**Source data:**
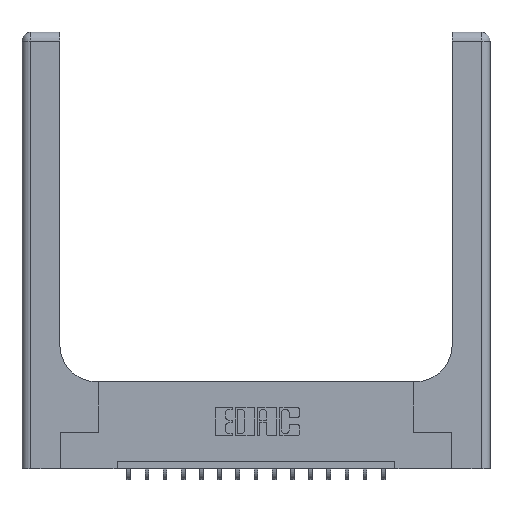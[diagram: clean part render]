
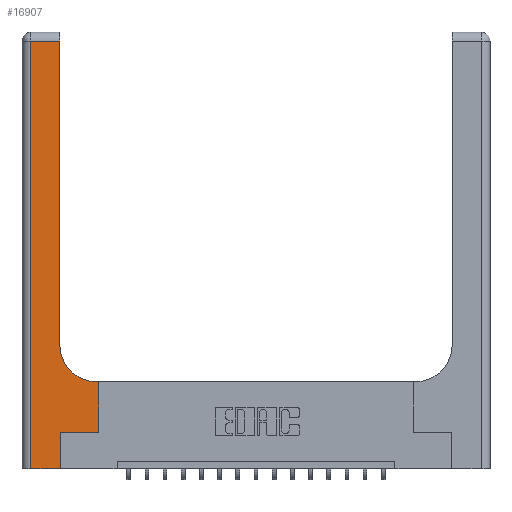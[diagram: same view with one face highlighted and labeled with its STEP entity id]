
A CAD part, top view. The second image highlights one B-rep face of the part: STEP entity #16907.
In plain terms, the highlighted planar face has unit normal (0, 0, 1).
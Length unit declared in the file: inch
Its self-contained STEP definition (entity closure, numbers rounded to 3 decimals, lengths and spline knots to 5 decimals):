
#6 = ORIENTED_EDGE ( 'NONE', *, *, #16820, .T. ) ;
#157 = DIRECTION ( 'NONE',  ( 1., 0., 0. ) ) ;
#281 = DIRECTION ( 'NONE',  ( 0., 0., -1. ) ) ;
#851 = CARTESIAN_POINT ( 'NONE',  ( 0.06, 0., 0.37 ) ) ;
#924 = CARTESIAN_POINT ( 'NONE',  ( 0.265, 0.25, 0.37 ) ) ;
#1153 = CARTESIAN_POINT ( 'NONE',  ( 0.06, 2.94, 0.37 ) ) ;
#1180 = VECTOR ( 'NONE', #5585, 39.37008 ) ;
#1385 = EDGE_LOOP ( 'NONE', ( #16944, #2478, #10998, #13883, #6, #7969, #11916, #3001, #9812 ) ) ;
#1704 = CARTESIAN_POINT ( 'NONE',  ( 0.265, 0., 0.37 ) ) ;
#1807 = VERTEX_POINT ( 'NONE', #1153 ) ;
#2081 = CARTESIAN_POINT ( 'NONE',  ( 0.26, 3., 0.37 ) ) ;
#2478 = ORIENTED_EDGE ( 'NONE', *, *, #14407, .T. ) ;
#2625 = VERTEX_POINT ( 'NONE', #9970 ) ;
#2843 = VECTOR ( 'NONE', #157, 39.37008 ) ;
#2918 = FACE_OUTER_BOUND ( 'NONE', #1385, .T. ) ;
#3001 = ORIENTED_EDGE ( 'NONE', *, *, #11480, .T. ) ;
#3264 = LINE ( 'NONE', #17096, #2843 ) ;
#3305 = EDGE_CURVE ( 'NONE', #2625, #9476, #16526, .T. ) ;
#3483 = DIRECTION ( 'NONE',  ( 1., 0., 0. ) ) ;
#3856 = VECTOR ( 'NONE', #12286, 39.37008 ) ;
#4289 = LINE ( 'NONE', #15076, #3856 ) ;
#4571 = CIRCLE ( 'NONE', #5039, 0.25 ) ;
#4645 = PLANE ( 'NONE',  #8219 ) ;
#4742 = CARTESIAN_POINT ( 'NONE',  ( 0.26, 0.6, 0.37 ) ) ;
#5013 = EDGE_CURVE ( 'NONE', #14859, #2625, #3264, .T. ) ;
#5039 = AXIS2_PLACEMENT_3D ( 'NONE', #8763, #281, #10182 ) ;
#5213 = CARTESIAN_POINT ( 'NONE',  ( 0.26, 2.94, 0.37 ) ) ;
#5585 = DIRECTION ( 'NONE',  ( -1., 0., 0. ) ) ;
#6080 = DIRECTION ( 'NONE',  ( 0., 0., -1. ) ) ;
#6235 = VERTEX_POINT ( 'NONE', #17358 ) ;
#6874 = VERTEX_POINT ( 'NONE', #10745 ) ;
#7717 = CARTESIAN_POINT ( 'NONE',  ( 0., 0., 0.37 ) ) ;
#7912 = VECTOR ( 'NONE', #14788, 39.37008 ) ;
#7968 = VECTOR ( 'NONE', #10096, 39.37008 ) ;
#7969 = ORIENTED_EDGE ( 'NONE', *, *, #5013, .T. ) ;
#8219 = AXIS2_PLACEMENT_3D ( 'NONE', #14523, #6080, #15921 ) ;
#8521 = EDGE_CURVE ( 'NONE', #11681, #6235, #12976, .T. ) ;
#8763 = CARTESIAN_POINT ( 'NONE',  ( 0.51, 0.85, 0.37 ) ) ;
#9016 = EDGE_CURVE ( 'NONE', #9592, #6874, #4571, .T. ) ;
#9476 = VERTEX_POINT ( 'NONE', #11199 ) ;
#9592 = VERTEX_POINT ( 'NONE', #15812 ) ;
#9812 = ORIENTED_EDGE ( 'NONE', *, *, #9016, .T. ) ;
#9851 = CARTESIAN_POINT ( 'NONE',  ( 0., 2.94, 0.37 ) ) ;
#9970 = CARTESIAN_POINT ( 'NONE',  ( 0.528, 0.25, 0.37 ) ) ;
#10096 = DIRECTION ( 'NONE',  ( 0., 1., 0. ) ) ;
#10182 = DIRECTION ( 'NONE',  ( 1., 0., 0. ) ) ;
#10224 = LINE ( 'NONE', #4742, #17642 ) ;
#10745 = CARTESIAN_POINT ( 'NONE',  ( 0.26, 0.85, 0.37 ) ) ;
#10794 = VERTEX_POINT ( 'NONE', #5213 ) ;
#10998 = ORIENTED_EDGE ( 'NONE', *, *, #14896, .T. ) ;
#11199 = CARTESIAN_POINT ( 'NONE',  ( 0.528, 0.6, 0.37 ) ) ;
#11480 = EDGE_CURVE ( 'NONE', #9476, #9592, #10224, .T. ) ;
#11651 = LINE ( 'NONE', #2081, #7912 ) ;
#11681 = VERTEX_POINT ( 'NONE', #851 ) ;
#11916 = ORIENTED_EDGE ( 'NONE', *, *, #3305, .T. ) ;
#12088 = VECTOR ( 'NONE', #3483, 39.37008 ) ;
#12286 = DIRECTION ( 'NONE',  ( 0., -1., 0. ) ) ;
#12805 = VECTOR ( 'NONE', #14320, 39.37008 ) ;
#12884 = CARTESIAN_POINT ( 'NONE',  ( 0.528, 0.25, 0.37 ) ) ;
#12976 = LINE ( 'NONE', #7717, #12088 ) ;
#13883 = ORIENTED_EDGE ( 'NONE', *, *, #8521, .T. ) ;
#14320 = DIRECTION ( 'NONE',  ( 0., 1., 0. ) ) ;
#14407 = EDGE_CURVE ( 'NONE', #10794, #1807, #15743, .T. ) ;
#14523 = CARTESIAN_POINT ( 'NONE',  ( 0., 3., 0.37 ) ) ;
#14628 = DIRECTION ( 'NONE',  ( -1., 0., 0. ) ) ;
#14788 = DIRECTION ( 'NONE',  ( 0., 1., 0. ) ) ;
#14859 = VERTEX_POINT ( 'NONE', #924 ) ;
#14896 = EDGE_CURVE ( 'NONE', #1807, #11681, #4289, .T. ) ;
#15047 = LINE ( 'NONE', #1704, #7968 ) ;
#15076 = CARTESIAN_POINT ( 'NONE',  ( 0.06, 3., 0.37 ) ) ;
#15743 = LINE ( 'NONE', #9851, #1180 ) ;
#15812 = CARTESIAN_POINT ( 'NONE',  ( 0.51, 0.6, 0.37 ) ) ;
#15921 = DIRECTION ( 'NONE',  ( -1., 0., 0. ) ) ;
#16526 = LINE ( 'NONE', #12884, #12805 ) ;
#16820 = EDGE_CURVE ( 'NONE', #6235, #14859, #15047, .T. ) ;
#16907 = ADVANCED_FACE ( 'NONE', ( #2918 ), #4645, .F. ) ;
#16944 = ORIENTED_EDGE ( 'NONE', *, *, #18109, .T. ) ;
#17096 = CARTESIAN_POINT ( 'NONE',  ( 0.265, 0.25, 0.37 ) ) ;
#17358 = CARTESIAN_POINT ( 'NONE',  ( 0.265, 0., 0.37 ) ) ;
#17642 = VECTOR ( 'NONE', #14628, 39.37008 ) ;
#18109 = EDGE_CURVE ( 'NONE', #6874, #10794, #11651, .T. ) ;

**TASK DIRECTIONS:**
Go through the entries and report every line with the string "unit".

**RESULT OF THIS TASK:**
In plain terms, the highlighted planar face has unit normal (0, 0, 1).
Length unit declared in the file: inch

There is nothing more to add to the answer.